▸ **PROBLEM DETAILS**: Pictures are to be left out. Copy exactly, and only, the lines from the start of the entries below to the line with "#15=CARTESIAN_POINT('',(0.,0.,0.));", both included.

━━━━━━━━━━━━━━━━━━━━

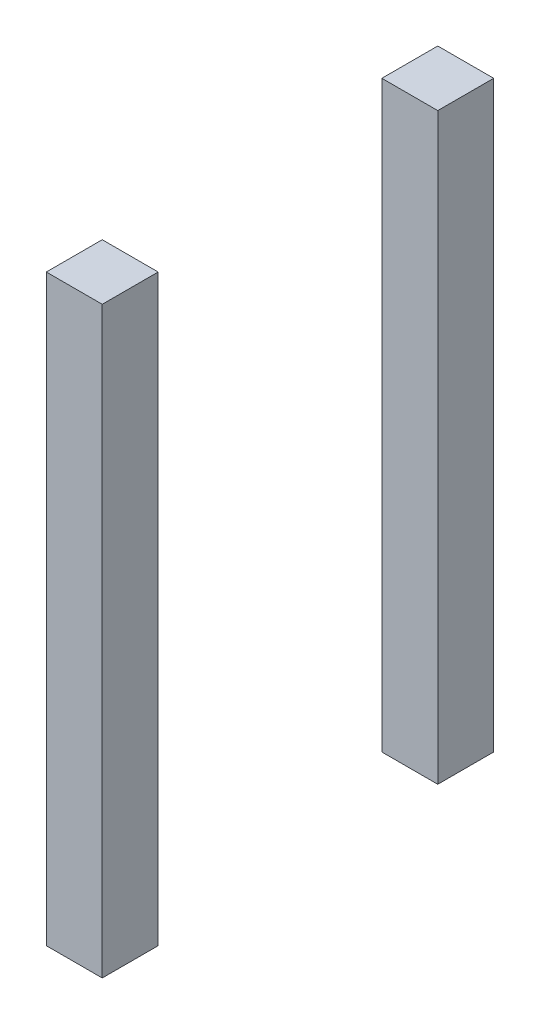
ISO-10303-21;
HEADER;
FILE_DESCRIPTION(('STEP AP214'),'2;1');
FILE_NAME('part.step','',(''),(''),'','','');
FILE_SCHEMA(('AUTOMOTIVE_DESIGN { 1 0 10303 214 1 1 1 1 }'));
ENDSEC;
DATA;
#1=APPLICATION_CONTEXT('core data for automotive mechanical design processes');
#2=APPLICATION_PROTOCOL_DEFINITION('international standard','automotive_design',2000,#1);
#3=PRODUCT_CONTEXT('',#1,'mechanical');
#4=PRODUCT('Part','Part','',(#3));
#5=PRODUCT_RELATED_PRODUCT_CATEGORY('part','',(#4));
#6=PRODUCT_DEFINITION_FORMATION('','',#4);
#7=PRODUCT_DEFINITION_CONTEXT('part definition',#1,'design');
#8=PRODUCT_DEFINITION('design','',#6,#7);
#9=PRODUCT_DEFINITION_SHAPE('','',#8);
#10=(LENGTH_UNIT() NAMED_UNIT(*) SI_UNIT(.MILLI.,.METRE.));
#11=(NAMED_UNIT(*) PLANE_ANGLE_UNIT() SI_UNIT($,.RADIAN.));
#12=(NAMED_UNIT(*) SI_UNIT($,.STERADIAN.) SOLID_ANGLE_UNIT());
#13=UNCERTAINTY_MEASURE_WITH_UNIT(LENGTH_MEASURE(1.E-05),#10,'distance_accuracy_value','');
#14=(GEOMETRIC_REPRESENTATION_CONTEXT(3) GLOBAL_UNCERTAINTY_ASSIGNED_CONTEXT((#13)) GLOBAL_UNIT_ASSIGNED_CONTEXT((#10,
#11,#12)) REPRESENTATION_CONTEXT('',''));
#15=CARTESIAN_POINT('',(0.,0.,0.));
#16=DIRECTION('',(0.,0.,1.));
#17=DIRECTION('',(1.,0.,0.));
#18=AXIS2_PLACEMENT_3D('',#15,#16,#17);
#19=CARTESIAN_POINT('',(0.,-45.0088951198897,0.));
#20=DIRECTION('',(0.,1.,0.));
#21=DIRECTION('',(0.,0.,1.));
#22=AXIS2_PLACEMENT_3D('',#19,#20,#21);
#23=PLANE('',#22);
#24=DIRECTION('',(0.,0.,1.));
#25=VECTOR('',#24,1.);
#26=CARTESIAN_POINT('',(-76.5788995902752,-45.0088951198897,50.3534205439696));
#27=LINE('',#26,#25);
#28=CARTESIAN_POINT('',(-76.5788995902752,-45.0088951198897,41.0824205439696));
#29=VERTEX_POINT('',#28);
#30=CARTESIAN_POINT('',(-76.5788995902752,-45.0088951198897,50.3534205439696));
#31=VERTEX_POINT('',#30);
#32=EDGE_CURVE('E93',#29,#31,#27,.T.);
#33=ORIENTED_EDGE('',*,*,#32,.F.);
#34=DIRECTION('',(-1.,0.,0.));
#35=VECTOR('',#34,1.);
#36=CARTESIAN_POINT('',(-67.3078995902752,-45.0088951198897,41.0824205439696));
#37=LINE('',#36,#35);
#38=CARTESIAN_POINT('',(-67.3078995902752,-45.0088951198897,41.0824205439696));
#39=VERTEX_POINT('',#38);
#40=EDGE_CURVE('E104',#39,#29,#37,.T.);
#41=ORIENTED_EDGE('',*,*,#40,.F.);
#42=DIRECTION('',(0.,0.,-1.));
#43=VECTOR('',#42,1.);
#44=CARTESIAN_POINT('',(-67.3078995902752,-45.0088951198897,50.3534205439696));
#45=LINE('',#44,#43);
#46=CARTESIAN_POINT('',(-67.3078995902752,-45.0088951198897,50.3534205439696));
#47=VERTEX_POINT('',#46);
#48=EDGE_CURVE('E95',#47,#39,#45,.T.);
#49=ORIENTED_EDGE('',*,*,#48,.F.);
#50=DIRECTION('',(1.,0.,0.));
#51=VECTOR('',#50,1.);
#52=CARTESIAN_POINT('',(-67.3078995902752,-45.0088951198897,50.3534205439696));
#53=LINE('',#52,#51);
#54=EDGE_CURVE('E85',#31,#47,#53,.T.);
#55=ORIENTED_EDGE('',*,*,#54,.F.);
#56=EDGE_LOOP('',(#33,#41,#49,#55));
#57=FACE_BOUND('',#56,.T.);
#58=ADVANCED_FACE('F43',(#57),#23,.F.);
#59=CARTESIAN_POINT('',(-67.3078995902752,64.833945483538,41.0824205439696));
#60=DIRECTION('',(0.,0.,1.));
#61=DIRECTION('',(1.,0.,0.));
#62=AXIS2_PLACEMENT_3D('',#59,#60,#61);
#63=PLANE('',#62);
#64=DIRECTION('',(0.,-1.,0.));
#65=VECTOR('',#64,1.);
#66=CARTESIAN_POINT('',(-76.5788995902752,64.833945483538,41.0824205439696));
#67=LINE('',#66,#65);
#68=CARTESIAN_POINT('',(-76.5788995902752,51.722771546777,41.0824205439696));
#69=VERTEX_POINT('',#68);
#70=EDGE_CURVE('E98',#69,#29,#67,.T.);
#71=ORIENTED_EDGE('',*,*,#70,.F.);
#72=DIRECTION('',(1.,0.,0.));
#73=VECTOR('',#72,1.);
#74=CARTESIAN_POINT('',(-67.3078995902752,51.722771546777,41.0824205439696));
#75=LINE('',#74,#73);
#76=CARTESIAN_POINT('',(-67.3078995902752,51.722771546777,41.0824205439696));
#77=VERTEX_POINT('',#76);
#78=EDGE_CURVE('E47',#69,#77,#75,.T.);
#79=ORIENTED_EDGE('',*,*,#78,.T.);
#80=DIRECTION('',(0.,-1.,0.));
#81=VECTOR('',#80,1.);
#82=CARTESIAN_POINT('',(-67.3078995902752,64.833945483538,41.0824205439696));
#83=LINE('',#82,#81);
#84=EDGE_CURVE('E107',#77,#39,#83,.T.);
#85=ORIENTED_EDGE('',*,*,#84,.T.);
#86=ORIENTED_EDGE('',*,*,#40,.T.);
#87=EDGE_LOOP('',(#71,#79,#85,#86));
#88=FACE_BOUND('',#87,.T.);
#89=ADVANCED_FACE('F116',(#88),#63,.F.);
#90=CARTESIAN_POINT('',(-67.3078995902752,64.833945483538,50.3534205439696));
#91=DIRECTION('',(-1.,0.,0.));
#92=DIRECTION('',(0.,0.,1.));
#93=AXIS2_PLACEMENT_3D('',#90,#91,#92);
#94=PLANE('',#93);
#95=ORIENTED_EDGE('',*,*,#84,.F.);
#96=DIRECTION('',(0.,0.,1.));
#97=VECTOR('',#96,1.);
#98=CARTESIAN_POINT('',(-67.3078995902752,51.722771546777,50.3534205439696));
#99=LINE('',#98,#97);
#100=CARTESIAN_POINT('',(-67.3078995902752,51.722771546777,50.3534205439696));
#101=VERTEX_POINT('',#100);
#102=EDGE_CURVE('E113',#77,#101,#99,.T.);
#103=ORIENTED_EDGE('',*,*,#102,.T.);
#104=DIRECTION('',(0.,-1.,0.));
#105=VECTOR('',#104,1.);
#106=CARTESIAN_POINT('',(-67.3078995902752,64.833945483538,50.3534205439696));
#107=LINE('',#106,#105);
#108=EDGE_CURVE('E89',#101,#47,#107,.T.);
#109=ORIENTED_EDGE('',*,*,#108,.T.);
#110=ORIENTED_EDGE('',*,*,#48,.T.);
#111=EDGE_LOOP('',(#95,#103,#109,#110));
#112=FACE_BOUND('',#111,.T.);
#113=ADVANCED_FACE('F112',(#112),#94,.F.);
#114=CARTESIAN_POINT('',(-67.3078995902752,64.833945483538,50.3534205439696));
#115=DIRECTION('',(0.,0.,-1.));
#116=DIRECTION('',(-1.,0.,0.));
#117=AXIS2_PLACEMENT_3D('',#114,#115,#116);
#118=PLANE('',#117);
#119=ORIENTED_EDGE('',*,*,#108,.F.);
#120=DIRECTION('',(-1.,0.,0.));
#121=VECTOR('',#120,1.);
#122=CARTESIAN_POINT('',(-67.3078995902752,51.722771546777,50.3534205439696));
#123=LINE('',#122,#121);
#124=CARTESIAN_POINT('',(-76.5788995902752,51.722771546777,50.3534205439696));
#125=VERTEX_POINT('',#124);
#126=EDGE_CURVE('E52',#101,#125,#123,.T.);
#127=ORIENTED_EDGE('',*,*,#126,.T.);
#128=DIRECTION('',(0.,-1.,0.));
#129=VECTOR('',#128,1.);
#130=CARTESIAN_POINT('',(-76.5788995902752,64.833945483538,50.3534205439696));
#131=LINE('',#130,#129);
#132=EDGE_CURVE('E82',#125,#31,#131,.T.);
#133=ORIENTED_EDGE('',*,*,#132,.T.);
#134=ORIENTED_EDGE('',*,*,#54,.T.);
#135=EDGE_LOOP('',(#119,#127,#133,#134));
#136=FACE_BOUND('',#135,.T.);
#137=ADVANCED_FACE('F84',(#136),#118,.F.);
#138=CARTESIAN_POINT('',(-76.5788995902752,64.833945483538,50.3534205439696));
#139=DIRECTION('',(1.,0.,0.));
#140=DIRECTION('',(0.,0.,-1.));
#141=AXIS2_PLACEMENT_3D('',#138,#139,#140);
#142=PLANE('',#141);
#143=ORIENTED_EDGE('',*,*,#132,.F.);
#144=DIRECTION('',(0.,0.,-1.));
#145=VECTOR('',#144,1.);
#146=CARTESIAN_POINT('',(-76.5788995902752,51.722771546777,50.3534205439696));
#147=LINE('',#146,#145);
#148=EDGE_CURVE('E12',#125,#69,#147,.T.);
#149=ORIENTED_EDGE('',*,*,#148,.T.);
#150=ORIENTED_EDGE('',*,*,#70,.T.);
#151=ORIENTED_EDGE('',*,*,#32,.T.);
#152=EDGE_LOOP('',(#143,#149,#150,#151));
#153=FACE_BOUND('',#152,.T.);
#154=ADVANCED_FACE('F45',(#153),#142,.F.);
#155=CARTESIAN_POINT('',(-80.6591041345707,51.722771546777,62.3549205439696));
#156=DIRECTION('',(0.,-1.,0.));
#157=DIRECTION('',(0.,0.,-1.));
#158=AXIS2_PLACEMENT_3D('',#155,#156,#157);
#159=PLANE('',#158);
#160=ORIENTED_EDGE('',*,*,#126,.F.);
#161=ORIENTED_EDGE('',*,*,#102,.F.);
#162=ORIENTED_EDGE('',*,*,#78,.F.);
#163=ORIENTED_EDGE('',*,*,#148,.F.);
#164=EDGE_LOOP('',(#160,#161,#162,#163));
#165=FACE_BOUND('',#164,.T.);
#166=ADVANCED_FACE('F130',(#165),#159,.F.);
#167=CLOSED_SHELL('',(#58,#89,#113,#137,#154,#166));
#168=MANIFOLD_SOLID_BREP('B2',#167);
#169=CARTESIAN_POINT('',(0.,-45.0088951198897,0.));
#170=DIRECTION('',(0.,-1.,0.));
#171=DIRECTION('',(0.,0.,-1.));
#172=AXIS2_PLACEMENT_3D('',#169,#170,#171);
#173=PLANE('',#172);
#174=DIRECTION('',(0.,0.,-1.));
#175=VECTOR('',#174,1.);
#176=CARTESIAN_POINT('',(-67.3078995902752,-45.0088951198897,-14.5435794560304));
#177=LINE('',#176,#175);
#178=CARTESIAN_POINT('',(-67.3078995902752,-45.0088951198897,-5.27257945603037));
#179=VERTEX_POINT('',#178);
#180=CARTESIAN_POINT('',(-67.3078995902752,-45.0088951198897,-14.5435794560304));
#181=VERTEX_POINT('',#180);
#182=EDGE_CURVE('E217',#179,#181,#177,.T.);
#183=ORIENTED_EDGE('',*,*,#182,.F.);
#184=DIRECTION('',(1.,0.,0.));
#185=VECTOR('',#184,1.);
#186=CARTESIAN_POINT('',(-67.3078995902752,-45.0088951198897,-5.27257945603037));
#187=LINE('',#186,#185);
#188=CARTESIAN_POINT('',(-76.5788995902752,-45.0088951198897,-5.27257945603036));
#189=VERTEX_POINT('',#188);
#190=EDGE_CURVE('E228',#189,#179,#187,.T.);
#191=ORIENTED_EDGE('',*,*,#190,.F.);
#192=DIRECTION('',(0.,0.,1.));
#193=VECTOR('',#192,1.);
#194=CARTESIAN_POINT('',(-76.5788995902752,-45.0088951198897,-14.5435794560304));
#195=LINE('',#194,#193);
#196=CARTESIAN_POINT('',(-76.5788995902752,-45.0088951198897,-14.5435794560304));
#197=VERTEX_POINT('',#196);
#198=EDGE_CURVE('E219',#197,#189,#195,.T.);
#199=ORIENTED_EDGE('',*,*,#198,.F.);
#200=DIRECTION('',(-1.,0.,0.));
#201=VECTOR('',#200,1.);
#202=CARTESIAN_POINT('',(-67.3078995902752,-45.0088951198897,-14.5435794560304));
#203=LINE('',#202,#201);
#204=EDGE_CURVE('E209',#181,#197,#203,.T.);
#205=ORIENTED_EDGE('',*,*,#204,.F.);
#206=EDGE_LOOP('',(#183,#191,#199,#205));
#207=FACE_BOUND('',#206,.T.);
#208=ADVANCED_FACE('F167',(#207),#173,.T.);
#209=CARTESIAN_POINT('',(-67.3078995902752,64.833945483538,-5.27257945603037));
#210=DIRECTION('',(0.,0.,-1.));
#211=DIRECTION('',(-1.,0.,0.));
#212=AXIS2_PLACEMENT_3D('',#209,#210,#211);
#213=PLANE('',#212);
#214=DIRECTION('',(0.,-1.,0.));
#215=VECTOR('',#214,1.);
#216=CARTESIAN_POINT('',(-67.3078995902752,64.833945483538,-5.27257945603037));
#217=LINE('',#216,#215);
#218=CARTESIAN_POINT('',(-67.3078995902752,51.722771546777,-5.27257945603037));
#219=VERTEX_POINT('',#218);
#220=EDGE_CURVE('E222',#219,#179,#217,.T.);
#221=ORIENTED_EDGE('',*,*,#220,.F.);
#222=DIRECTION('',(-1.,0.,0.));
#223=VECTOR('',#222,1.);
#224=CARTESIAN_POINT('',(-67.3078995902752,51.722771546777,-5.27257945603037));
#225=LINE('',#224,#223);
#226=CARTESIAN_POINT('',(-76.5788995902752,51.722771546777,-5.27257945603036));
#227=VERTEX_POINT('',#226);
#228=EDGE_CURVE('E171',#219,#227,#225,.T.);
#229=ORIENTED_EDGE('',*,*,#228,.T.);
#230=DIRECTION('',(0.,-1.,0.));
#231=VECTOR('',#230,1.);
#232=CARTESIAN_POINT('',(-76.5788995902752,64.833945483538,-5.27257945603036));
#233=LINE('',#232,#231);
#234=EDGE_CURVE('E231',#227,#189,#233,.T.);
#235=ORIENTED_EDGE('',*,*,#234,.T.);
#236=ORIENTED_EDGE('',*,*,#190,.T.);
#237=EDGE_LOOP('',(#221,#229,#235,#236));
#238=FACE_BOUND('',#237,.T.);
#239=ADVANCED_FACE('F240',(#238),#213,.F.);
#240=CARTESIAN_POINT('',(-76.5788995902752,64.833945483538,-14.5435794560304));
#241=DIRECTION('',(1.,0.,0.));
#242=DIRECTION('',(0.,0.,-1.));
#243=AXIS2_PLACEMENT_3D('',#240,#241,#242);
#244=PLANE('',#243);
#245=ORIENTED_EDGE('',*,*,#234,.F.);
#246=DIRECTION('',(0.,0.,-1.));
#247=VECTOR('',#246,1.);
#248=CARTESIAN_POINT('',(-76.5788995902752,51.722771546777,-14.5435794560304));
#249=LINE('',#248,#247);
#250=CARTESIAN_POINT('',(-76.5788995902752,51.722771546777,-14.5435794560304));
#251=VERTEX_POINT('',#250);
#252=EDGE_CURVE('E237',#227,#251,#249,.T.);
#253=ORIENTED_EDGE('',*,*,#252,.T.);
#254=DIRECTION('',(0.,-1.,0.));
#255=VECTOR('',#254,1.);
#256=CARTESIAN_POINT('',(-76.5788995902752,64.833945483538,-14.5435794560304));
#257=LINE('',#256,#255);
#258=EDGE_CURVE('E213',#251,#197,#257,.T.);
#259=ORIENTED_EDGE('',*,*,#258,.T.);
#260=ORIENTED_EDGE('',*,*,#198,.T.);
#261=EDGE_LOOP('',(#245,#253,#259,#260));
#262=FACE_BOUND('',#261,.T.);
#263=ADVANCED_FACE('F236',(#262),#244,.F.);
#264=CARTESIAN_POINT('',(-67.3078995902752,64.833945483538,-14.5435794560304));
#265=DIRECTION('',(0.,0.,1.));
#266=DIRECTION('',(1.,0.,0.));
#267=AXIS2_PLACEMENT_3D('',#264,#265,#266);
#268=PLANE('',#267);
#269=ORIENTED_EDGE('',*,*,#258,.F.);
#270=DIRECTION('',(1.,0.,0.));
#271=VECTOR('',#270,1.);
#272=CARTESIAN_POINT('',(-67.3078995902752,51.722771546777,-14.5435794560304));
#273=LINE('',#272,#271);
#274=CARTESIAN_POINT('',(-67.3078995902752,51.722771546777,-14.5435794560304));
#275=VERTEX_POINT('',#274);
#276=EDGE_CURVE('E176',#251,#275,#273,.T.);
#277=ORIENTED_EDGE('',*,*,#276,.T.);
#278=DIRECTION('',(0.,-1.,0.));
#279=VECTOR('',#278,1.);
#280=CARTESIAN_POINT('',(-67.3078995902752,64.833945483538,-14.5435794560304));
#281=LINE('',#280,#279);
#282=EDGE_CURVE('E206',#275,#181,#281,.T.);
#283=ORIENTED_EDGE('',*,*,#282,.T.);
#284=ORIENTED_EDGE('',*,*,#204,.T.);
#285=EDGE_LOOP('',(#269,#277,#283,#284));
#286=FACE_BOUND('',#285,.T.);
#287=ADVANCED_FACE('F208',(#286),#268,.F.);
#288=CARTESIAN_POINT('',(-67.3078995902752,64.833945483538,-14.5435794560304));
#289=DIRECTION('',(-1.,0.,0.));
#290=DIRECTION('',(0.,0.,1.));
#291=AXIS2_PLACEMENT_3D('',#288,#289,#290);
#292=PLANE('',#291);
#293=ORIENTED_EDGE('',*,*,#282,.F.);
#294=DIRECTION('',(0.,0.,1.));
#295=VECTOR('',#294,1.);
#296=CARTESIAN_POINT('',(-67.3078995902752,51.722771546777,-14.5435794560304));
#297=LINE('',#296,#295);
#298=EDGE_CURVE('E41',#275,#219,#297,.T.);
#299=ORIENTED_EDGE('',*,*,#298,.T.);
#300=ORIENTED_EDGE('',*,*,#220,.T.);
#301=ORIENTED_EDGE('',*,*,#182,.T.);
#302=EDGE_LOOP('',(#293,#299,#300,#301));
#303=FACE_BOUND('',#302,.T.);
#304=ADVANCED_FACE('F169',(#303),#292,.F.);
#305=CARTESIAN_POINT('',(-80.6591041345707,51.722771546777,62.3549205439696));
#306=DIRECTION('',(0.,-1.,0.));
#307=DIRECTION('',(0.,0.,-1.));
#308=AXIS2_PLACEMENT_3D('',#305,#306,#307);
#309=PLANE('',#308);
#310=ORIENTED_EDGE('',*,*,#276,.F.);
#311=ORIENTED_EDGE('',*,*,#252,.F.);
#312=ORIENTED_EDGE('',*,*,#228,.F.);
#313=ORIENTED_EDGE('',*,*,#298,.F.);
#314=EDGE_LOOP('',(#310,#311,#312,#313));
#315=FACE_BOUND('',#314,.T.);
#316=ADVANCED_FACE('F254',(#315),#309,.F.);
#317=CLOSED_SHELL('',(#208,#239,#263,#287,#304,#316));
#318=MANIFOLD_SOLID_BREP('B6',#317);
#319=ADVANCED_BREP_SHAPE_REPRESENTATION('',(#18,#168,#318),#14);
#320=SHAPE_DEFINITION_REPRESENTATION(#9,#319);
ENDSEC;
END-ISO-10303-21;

━━━━━━━━━━━━━━━━━━━━

▸ **RESULT**:
ISO-10303-21;
HEADER;
FILE_DESCRIPTION(('STEP AP214'),'2;1');
FILE_NAME('part.step','',(''),(''),'','','');
FILE_SCHEMA(('AUTOMOTIVE_DESIGN { 1 0 10303 214 1 1 1 1 }'));
ENDSEC;
DATA;
#1=APPLICATION_CONTEXT('core data for automotive mechanical design processes');
#2=APPLICATION_PROTOCOL_DEFINITION('international standard','automotive_design',2000,#1);
#3=PRODUCT_CONTEXT('',#1,'mechanical');
#4=PRODUCT('Part','Part','',(#3));
#5=PRODUCT_RELATED_PRODUCT_CATEGORY('part','',(#4));
#6=PRODUCT_DEFINITION_FORMATION('','',#4);
#7=PRODUCT_DEFINITION_CONTEXT('part definition',#1,'design');
#8=PRODUCT_DEFINITION('design','',#6,#7);
#9=PRODUCT_DEFINITION_SHAPE('','',#8);
#10=(LENGTH_UNIT() NAMED_UNIT(*) SI_UNIT(.MILLI.,.METRE.));
#11=(NAMED_UNIT(*) PLANE_ANGLE_UNIT() SI_UNIT($,.RADIAN.));
#12=(NAMED_UNIT(*) SI_UNIT($,.STERADIAN.) SOLID_ANGLE_UNIT());
#13=UNCERTAINTY_MEASURE_WITH_UNIT(LENGTH_MEASURE(1.E-05),#10,'distance_accuracy_value','');
#14=(GEOMETRIC_REPRESENTATION_CONTEXT(3) GLOBAL_UNCERTAINTY_ASSIGNED_CONTEXT((#13)) GLOBAL_UNIT_ASSIGNED_CONTEXT((#10,
#11,#12)) REPRESENTATION_CONTEXT('',''));
#15=CARTESIAN_POINT('',(0.,0.,0.));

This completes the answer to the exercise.